Тимка вытянул руку, одну за другой взял две карты и со вздохом облегчения бросил их на песок.
– Очко!
– Резонно.
Миша-маленький поднял руки.
– Против лома…
– Я и говорю, мы могем и по рублю, – поднимаясь, произнес Тимка. – Только нам окунуться надо.
И неторопливо пошел к воде.
Пацаны, отряхивая налипший песок, потянулись за ним.
Миша-маленький спрятал колоду под одежду и, быстро перебирая мускулистыми ногами, разбежался, высоко подпрыгнул и вытянутыми руками вошел в воду рядом с остановившимися пацанами.
Не выныривал он долго (те уж заволновались: мало ли какой валун мог оказаться на пути) и появился там, где не ожидали, почти на середине реки, возле самого борта катера, тянущего плот.
Оттуда, перегнувшись, что-то стал кричать матрос, потом и капитан выглянул из рубки, грозя кулаком одновременно и ему, уже поднимающемуся на первую гленю, и пацанам, торопливо плывущим от берега, – погрозил и исчез, понимая, что больше ничего сделать не может, а матрос подхватил багор, пробежал на корму, выставил его на пенную струю от винта, уходящую к плоту, и тоже замер, не зная, что делать дальше.

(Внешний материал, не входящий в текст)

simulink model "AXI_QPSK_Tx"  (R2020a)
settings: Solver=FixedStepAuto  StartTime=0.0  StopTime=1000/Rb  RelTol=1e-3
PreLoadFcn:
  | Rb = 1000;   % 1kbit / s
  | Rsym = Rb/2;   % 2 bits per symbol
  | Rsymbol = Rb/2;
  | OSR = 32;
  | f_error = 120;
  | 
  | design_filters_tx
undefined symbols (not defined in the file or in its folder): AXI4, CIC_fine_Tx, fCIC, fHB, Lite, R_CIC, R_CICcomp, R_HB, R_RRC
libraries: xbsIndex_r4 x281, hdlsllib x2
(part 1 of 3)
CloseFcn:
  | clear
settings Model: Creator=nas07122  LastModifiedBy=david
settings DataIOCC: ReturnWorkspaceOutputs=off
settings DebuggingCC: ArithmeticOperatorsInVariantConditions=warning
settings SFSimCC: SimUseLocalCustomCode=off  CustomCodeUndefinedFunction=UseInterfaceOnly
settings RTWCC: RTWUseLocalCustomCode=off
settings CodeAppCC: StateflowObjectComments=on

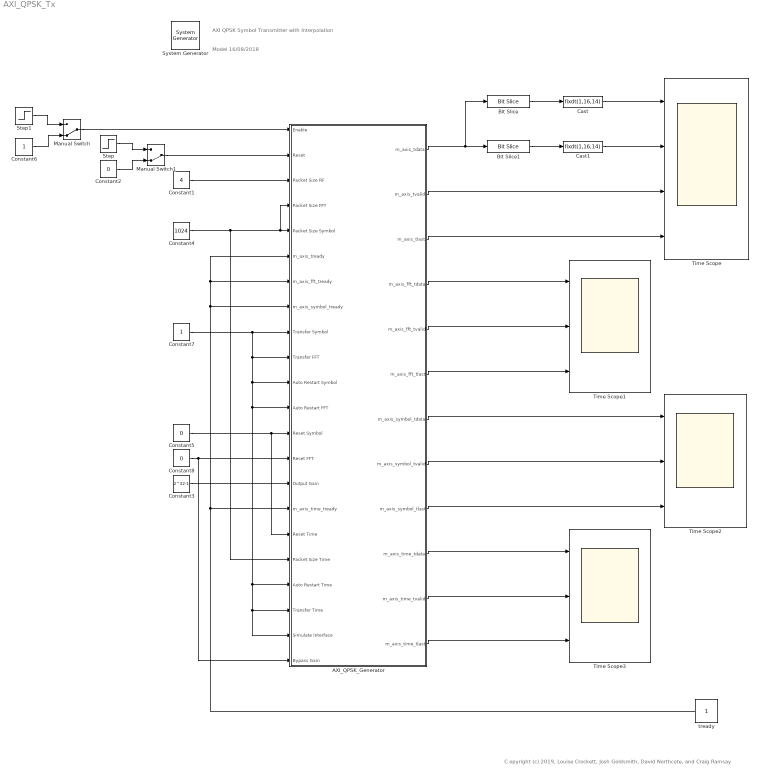
== system AXI_QPSK_Tx ==
  note: Model 16/08/2018
  note: AXI QPSK Symbol Transmitter with Interpolation
  note: C opyright (c) 2019, Louise Crockett, Josh Goldsmith, David Northcote, and Craig Ramsay
  " System Generator" : xbsIndex_r4/ System Generator  Tag=genX  xilinxfamily=zynquplusRFSOC  part=xczu28dr  speed=-2-e  package=ffvg1517  synthesis_tool=Vivado  clock_wrapper=Clock Enables  directory=../iprepo/zcu111/tx  proj_type=Vivado  Synth_file=Vivado Synthesis Defaults  Impl_file=Vivado Implementation Defaults  testbench=off  simulink_period=1/(0.5*Rb*R_RRC*R_HB*R_CICcomp*R_CIC)  sysclk_period=(1/fCIC)*1e9  dcm_input_clock_period=10  incr_netlist=off  trim_vbits=Everywhere in SubSystem  dbl_ovrd=According to Block Masks  core_generation=According to Block Masks  run_coregen=off  deprecated_control=off  eval_field=0  block_type=sysgen
  AXI_QPSK_Generator : Subsystem
  Bit Slice : hdlsllib/Logic and Bit Operations/Bit Slice  lidx=15  ridx=0
      settings: SourceProductBaseCode=SL
  Bit Slice1 : hdlsllib/Logic and Bit Operations/Bit Slice  lidx=31  ridx=16
      settings: SourceProductBaseCode=SL
  Cast : DataTypeConversion  OutDataTypeStr=fixdt(1,16,14)  ConvertRealWorld=Stored Integer (SI)
  Cast1 : DataTypeConversion  OutDataTypeStr=fixdt(1,16,14)  ConvertRealWorld=Stored Integer (SI)
  Constant1 : Constant  Value=4  SampleTime=2/Rb
  Constant2 : Constant  Value=0  SampleTime=2/Rb
  Constant3 : Constant  Value=2^32-1  SampleTime=1/fHB
  Constant4 : Constant  Value=1024  SampleTime=1/fCIC
  Constant5 : Constant  Value=0  SampleTime=1/fCIC
  Constant6 : Constant  SampleTime=2/Rb
  Constant7 : Constant  SampleTime=1/fCIC
  Constant8 : Constant  Value=0  SampleTime=1/fHB
  Manual Switch : ManualSwitch  CurrentSetting=0
  Manual Switch1 : ManualSwitch  CurrentSetting=0
  Step : Step  Time=5/Rb  Before=1  After=0  SampleTime=2/Rb
  Step1 : Step  Time=8/Rb  SampleTime=2/Rb
  Time Scope : Scope  NumInputPorts=4
  Time Scope1 : Scope  NumInputPorts=3
  Time Scope2 : Scope  NumInputPorts=3
  Time Scope3 : Scope  NumInputPorts=3
  tready : Constant  VectorParams1D=off  OutDataTypeStr=boolean  SampleTime=-1
  wires:
  Step1/1 -> Manual Switch/1
  Constant6/1 -> Manual Switch/2
  Bit Slice/1 -> Cast/1
  Bit Slice1/1 -> Cast1/1
  AXI_QPSK_Generator/1(m_axis_tdata) -> Bit Slice/1, Bit Slice1/1
  Manual Switch/1 -> AXI_QPSK_Generator/1(Enable)
  Constant1/1 -> AXI_QPSK_Generator/3(Packet Size RF)
  tready/1 -> AXI_QPSK_Generator/6(m_axis_tready), AXI_QPSK_Generator/7(m_axis_fft_tready), AXI_QPSK_Generator/8(m_axis_symbol_tready), AXI_QPSK_Generator/16(m_axis_time_tready)
  AXI_QPSK_Generator/2(m_axis_tvalid) -> Time Scope/3
  AXI_QPSK_Generator/3(m_axis_tlast) -> Time Scope/4
  Cast1/1 -> Time Scope/2
  Cast/1 -> Time Scope/1
  Manual Switch1/1 -> AXI_QPSK_Generator/2(Reset)
  Step/1 -> Manual Switch1/1
  Constant2/1 -> Manual Switch1/2
  Constant4/1 -> AXI_QPSK_Generator/4(Packet Size FFT), AXI_QPSK_Generator/5(Packet Size Symbol), AXI_QPSK_Generator/18(Packet Size Time)
  AXI_QPSK_Generator/7(m_axis_symbol_tdata) -> Time Scope2/1
  AXI_QPSK_Generator/8(m_axis_symbol_tvalid) -> Time Scope2/2
  AXI_QPSK_Generator/9(m_axis_symbol_tlast) -> Time Scope2/3
  AXI_QPSK_Generator/6(m_axis_fft_tlast) -> Time Scope1/3
  AXI_QPSK_Generator/5(m_axis_fft_tvalid) -> Time Scope1/2
  AXI_QPSK_Generator/4(m_axis_fft_tdata) -> Time Scope1/1
  Constant5/1 -> AXI_QPSK_Generator/17(Reset Time), AXI_QPSK_Generator/13(Reset Symbol)
  Constant7/1 -> AXI_QPSK_Generator/21(Simulate Interface), AXI_QPSK_Generator/20(Transfer Time), AXI_QPSK_Generator/19(Auto Restart Time), AXI_QPSK_Generator/12(Auto Restart FFT), AXI_QPSK_Generator/11(Auto Restart Symbol), AXI_QPSK_Generator/10(Transfer FFT), AXI_QPSK_Generator/9(Transfer Symbol)
  Constant8/1 -> AXI_QPSK_Generator/22(Bypass Gain), AXI_QPSK_Generator/14(Reset FFT)
  AXI_QPSK_Generator/10(m_axis_time_tdata) -> Time Scope3/1
  AXI_QPSK_Generator/11(m_axis_time_tvalid) -> Time Scope3/2
  AXI_QPSK_Generator/12(m_axis_time_tlast) -> Time Scope3/3
  Constant3/1 -> AXI_QPSK_Generator/15(Output Gain)

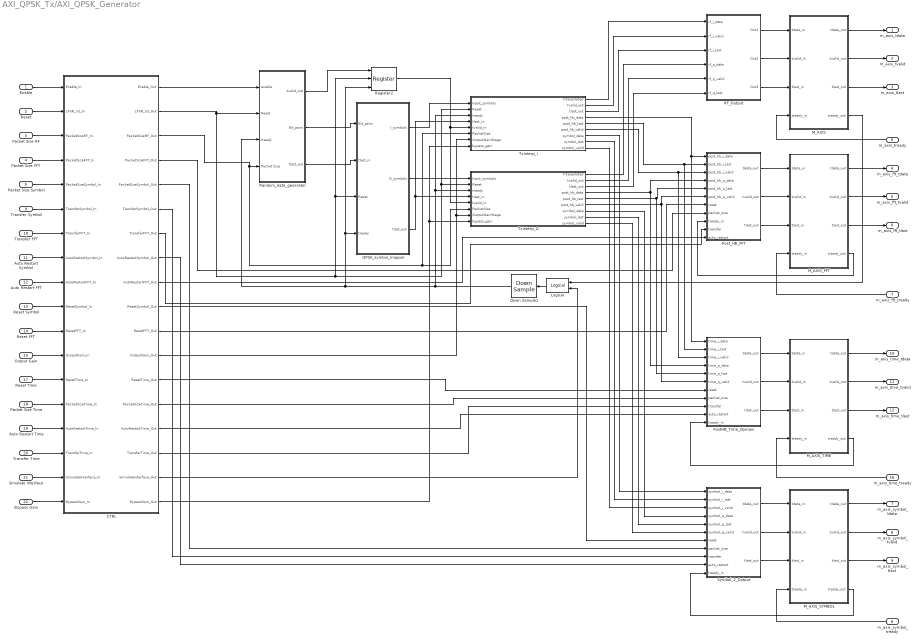
== system AXI_QPSK_Tx/AXI_QPSK_Generator ==
  Enable : Inport
  Reset : Inport  Port=2
  Packet Size RF : Inport  Port=3
  Packet Size FFT : Inport  Port=4
  Packet Size Symbol : Inport  Port=5
  m_axis_tready : Inport  Port=6
  m_axis_fft_tready : Inport  Port=7
  m_axis_symbol_tready : Inport  Port=8
  Transfer Symbol : Inport  Port=9
  Transfer FFT : Inport  Port=10
  Auto Restart Symbol : Inport  Port=11
  Auto Restart FFT : Inport  Port=12
  Reset Symbol : Inport  Port=13
  Reset FFT : Inport  Port=14
  Output Gain : Inport  Port=15
  m_axis_time_tready : Inport  Port=16
  Reset Time : Inport  Port=17
  Packet Size Time : Inport  Port=18
  Auto Restart Time : Inport  Port=19
  Transfer Time : Inport  Port=20
  Simulate Interface : Inport  Port=21
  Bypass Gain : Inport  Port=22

Миша-маленький прошел по гленям к подплывшим пацанам, вместе с ними стал нырять и возвращаться обратно, пока не прыгнули с последней глени, а плот уже плыл ниже затона сплавной конторы, им пришлось долго потом идти по каменистому берегу к пляжу, и по пути он познакомился со всеми и стал своим.
Еще несколько дней продержалась жаркая погода, и в обеденный перерыв Миша-маленький обязательно спускался на пляж, но уже не купался, а играл с пацанами в карты. Играли по копеечке все, даже самый младший в компании Колька Жбанов, который прилепился к взрослым пацанам благодаря тому, что жил как раз напротив пляжа и был незаменим во время долгих летних бдений, доставляя изголодавшимся купальщикам с огорода огурцы, яблоки, а то и шмат сала с хлебом. Колька Жбан учился в одном классе с Сашкой Жовнером, но в отличие от сверстников не выглядел угловатым, тело его было налитым и округлым, а лицо, увенчанное светлыми кудряшками, напоминало девчоночье. Он нравился всем девочкам в классе и даже старшеклассницам, может, поэтому не очень-то дружил с одноклассниками, но зато был вхож во взрослые компании и уже не раз наравне с ними пробовал вино и тайно покуривал.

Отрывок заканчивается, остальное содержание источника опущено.